=== Begin Enclosure ===
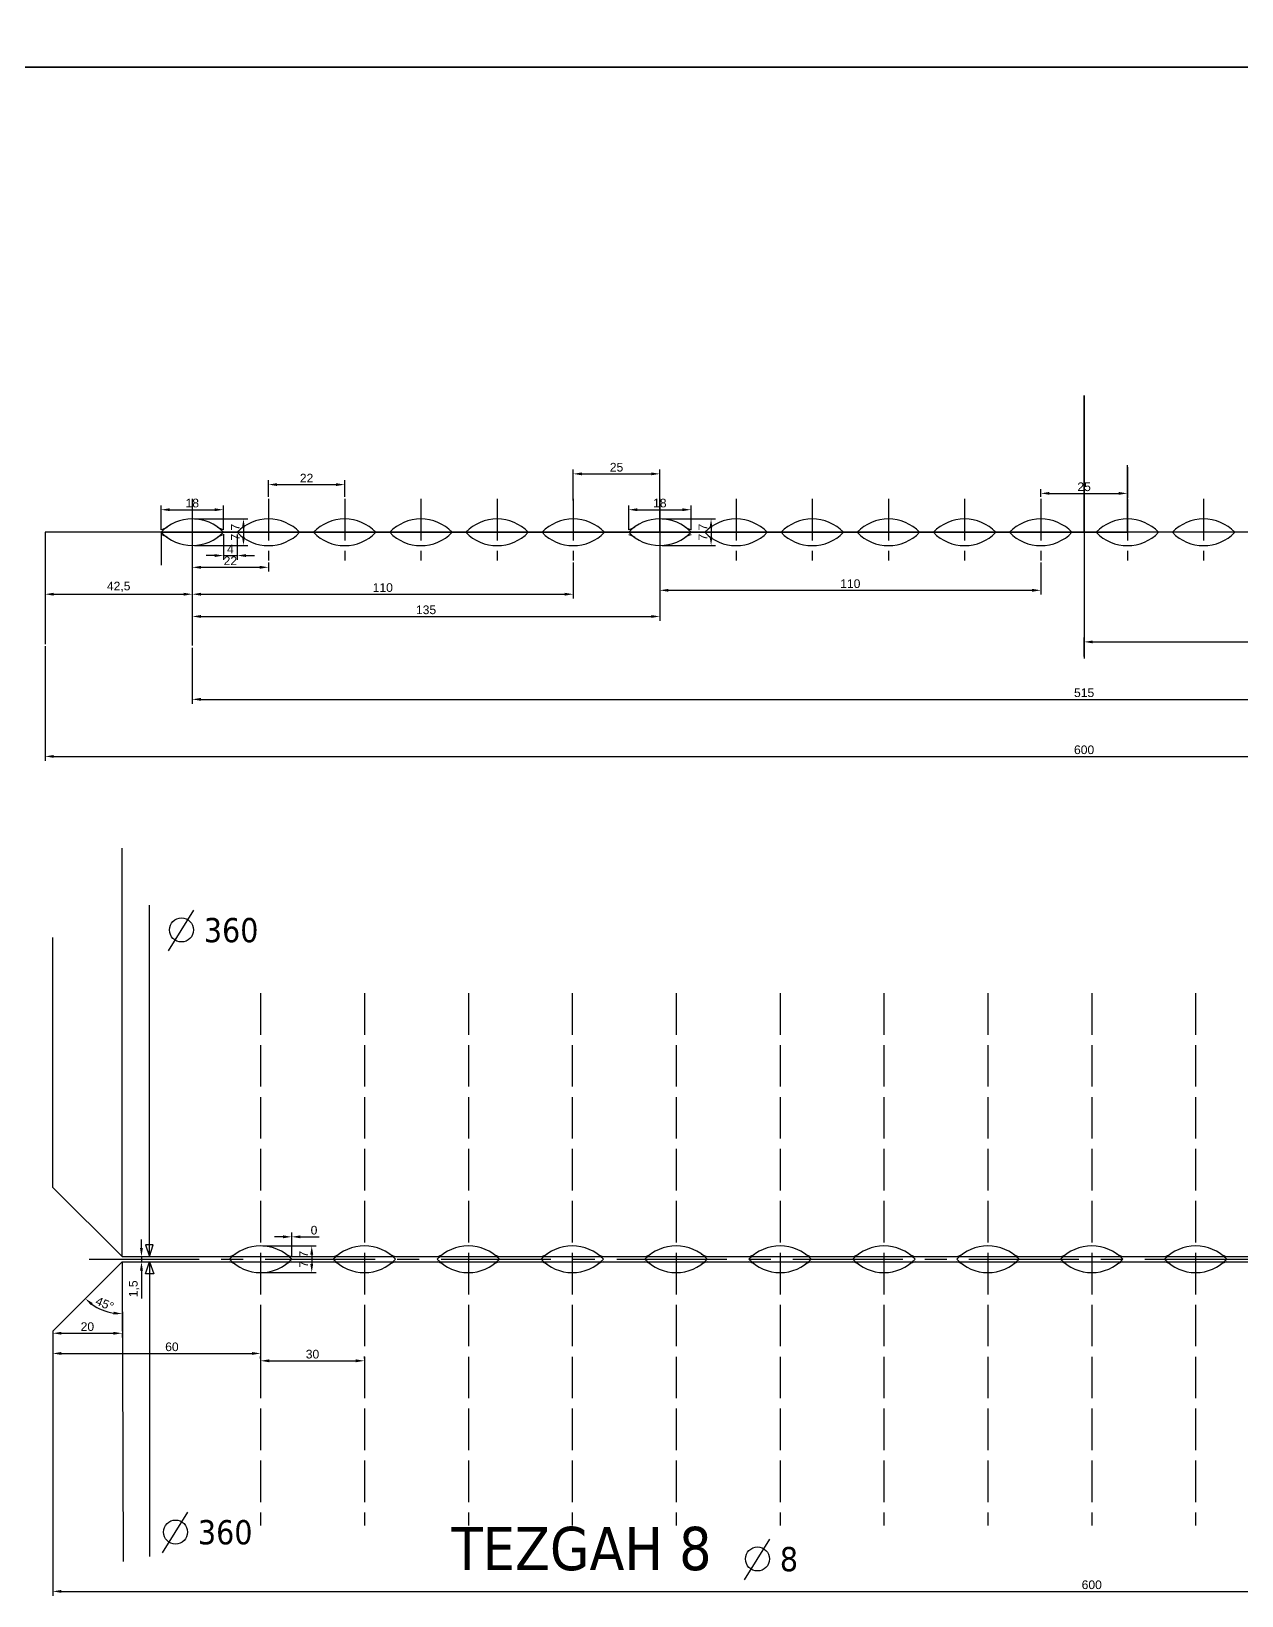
# Model space of a CAD drawing. Header units: millimetres. Extents: x 1526 to 31626, y -4643 to 9189.
# Drawn here: x 23363.8 to 23713.3, y -3484.8 to -3033 of the extents above; entities that cross this region are included whole.
import ezdxf

# ---------------------------------------------------------------- set-up
doc = ezdxf.new("R2010")
doc.units = ezdxf.units.MM
doc.linetypes.add('ACAD_ISO02W100', pattern=[15, 12, -3])
doc.linetypes.add('CENTER', pattern=[50.8, 31.75, -6.35, 6.35, -6.35])
doc.styles.get("Standard").update_dxf_attribs({"font": 'arial.ttf'})
doc.dimstyles.new('ISO-25', dxfattribs={"dimtxt": 2.5, "dimasz": 2.5, "dimexe": 1.25, "dimexo": 0.625, "dimtad": 1, "dimtxsty": 'Standard', "dimcen": 2.5, "dimadec": 0, "dimazin": 0, "dimtfac": 1, "dimtmove": 0, "dimatfit": 3, "dimfxl": 1, "dimarcsym": 0})

# ---------------------------------------------------------------- blocks, each defined once
blk = doc.blocks.new('*D2155')
at = {"color": 0, "lineweight": -2, "transparency": 16777216}
for p, q in [((23370, -3409.03), (23370, -3484.83)), ((23970, -3418.54), (23970, -3484.83)), ((23372.5, -3483.58), (23967.5, -3483.58))]:
    blk.add_line(p, q, dxfattribs=at)
at = {"color": 0, "transparency": 16777216}
for points in [[(23372.5, -3483.16), (23372.5, -3484), (23370, -3483.58)], [(23967.5, -3483.16), (23967.5, -3484), (23970, -3483.58)]]:
    blk.add_solid(points, dxfattribs=at)
at = {"layer": 'Defpoints', "color": 0, "transparency": 16777216}
for p in [(23370, -3408.41), (23970, -3417.91), (23970, -3483.58)]:
    blk.add_point(p, dxfattribs=at)
at = {"color": 0, "transparency": 16777216, "insert": (23670, -3481.68), "char_height": 2.5, "attachment_point": 5}
blk.add_mtext('600', dxfattribs=at)
blk = doc.blocks.new('*D2156')
at = {"color": 0, "lineweight": -2, "transparency": 16777216}
for p, q in [((23370, -3409.03), (23370, -3410.28)), ((23372.5, -3409.03), (23387.5, -3409.03)), ((23390, -3409.03), (23390, -3410.28))]:
    blk.add_line(p, q, dxfattribs=at)
at = {"color": 0, "transparency": 16777216}
for points in [[(23372.5, -3408.62), (23372.5, -3409.45), (23370, -3409.03)], [(23387.5, -3408.62), (23387.5, -3409.45), (23390, -3409.03)]]:
    blk.add_solid(points, dxfattribs=at)
at = {"layer": 'Defpoints', "color": 0, "transparency": 16777216}
for p in [(23370, -3408.41), (23390, -3408.41), (23390, -3409.03)]:
    blk.add_point(p, dxfattribs=at)
at = {"color": 0, "transparency": 16777216, "insert": (23380, -3407.13), "char_height": 2.5, "attachment_point": 5}
blk.add_mtext('20', dxfattribs=at)
blk = doc.blocks.new('*D2157')
at = {"color": 0, "lineweight": -2, "transparency": 16777216}
for p, q in [((23395.62, -3384.41), (23395.62, -3381.91)), ((23390.63, -3386.91), (23396.87, -3386.91)), ((23394.14, -3388.41), (23396.87, -3388.41)), ((23395.62, -3386.91), (23395.62, -3388.41)), ((23395.62, -3390.91), (23395.62, -3398.99))]:
    blk.add_line(p, q, dxfattribs=at)
at = {"color": 0, "transparency": 16777216}
for points in [[(23395.2, -3384.41), (23396.03, -3384.41), (23395.62, -3386.91)], [(23395.2, -3390.91), (23396.03, -3390.91), (23395.62, -3388.41)]]:
    blk.add_solid(points, dxfattribs=at)
at = {"layer": 'Defpoints', "color": 0, "transparency": 16777216}
for p in [(23390, -3386.91), (23393.51, -3388.41), (23395.62, -3388.41)]:
    blk.add_point(p, dxfattribs=at)
at = {"color": 0, "transparency": 16777216, "insert": (23393.49, -3396.2), "char_height": 2.5, "attachment_point": 5, "rotation": 90}
blk.add_mtext('1,5', dxfattribs=at)
blk = doc.blocks.new('*D2013')
at = {"color": 0, "lineweight": -2, "transparency": 16777216}
for p, q in [((23370, -3409.66), (23370, -3416.11)), ((23430, -3409.66), (23430, -3416.11)), ((23372.5, -3414.86), (23427.5, -3414.86))]:
    blk.add_line(p, q, dxfattribs=at)
at = {"color": 0, "transparency": 16777216}
for points in [[(23372.5, -3414.45), (23372.5, -3415.28), (23370, -3414.86)], [(23427.5, -3414.45), (23427.5, -3415.28), (23430, -3414.86)]]:
    blk.add_solid(points, dxfattribs=at)
at = {"layer": 'Defpoints', "color": 0, "transparency": 16777216}
for p in [(23370, -3409.03), (23430, -3409.03), (23430, -3414.86)]:
    blk.add_point(p, dxfattribs=at)
at = {"color": 0, "transparency": 16777216, "insert": (23404.41, -3412.96), "char_height": 2.5, "attachment_point": 5}
blk.add_mtext('60', dxfattribs=at)
blk = doc.blocks.new('*D2014')
at = {"color": 0, "lineweight": -2, "transparency": 16777216}
for p, q in [((23430, -3416.36), (23430, -3415.74)), ((23460, -3416.36), (23460, -3415.74)), ((23432.5, -3416.99), (23457.5, -3416.99))]:
    blk.add_line(p, q, dxfattribs=at)
at = {"color": 0, "transparency": 16777216}
for points in [[(23432.5, -3416.57), (23432.5, -3417.4), (23430, -3416.99)], [(23457.5, -3416.57), (23457.5, -3417.4), (23460, -3416.99)]]:
    blk.add_solid(points, dxfattribs=at)
at = {"layer": 'Defpoints', "color": 0, "transparency": 16777216}
for p in [(23430, -3416.99), (23460, -3416.99), (23460, -3416.99)]:
    blk.add_point(p, dxfattribs=at)
at = {"color": 0, "transparency": 16777216, "insert": (23445, -3415.08), "char_height": 2.5, "attachment_point": 5}
blk.add_mtext('30', dxfattribs=at)
blk = doc.blocks.new('*D2158')
at = {"color": 0, "lineweight": -2, "transparency": 16777216}
for p, q in [((23436.5, -3381.18), (23434, -3381.18)), ((23439, -3387.03), (23439, -3379.93)), ((23439, -3387.03), (23439, -3379.93)), ((23441.5, -3381.18), (23446.88, -3381.18))]:
    blk.add_line(p, q, dxfattribs=at)
at = {"color": 0, "transparency": 16777216}
for points in [[(23436.5, -3380.76), (23436.5, -3381.6), (23439, -3381.18)], [(23441.5, -3380.76), (23441.5, -3381.6), (23439, -3381.18)]]:
    blk.add_solid(points, dxfattribs=at)
at = {"layer": 'Defpoints', "color": 0, "transparency": 16777216}
for p in [(23439, -3381.18), (23439, -3387.66), (23439, -3387.66)]:
    blk.add_point(p, dxfattribs=at)
at = {"color": 0, "transparency": 16777216, "insert": (23445.44, -3379.28), "char_height": 2.5, "attachment_point": 5}
blk.add_mtext('0', dxfattribs=at)
blk = doc.blocks.new('*D2159')
at = {"color": 0, "lineweight": -2, "transparency": 16777216}
for p, q in [((23430.63, -3383.81), (23446.03, -3383.81)), ((23444.78, -3386.31), (23444.78, -3389.01)), ((23430.63, -3391.51), (23446.03, -3391.51))]:
    blk.add_line(p, q, dxfattribs=at)
at = {"color": 0, "transparency": 16777216}
for points in [[(23444.37, -3386.31), (23445.2, -3386.31), (23444.78, -3383.81)], [(23444.37, -3389.01), (23445.2, -3389.01), (23444.78, -3391.51)]]:
    blk.add_solid(points, dxfattribs=at)
at = {"layer": 'Defpoints', "color": 0, "transparency": 16777216}
for p in [(23430, -3383.81), (23430, -3391.51), (23444.78, -3391.51)]:
    blk.add_point(p, dxfattribs=at)
at = {"color": 0, "transparency": 16777216, "insert": (23442.66, -3387.66), "char_height": 2.5, "attachment_point": 5, "rotation": 90}
blk.add_mtext('7,7', dxfattribs=at)
blk = doc.blocks.new('*D2152')
at = {"color": 0, "lineweight": -2, "transparency": 16777216}
blk.add_arc((23390, -3388.41), 15.01, 234.5548, 260.6727, dxfattribs=at)
at = {"color": 0, "transparency": 16777216}
for points in [[(23381.03, -3400.95), (23381.57, -3400.32), (23379.39, -3399.02)], [(23387.6, -3402.8), (23387.54, -3403.63), (23390.06, -3403.42)]]:
    blk.add_solid(points, dxfattribs=at)
at = {"layer": 'Defpoints', "color": 0, "transparency": 16777216}
for p in [(23390, -3388.41), (23390, -3388.41), (23382.51, -3401.42), (23370, -3408.41), (23390.34, -3474.94)]:
    blk.add_point(p, dxfattribs=at)
at = {"color": 0, "transparency": 16777216, "insert": (23385.01, -3400.53), "char_height": 2.5, "attachment_point": 5, "rotation": 337.6137}
blk.add_mtext('45°', dxfattribs=at)
blk = doc.blocks.new('*D2239')
at = {"color": 0, "lineweight": -2, "transparency": 16777216}
for p, q in [((23410.92, -3173.82), (23426.33, -3173.82)), ((23425.08, -3176.32), (23425.08, -3179.02)), ((23410.92, -3181.52), (23426.33, -3181.52))]:
    blk.add_line(p, q, dxfattribs=at)
at = {"color": 0, "transparency": 16777216}
for points in [[(23424.66, -3176.32), (23425.49, -3176.32), (23425.08, -3173.82)], [(23424.66, -3179.02), (23425.49, -3179.02), (23425.08, -3181.52)]]:
    blk.add_solid(points, dxfattribs=at)
at = {"layer": 'Defpoints', "color": 0, "transparency": 16777216}
for p in [(23410.29, -3173.82), (23410.29, -3181.52), (23425.08, -3181.52)]:
    blk.add_point(p, dxfattribs=at)
at = {"color": 0, "transparency": 16777216, "insert": (23422.95, -3177.67), "char_height": 2.5, "attachment_point": 5, "rotation": 90}
blk.add_mtext('7,7', dxfattribs=at)
blk = doc.blocks.new('*D2240')
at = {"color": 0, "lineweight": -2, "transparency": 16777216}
=== End Enclosure ===
Aim of the exercise: Copy each line above containing the string "ezdxf".

Response box:
import ezdxf
doc = ezdxf.new("R2010")
doc.units = ezdxf.units.MM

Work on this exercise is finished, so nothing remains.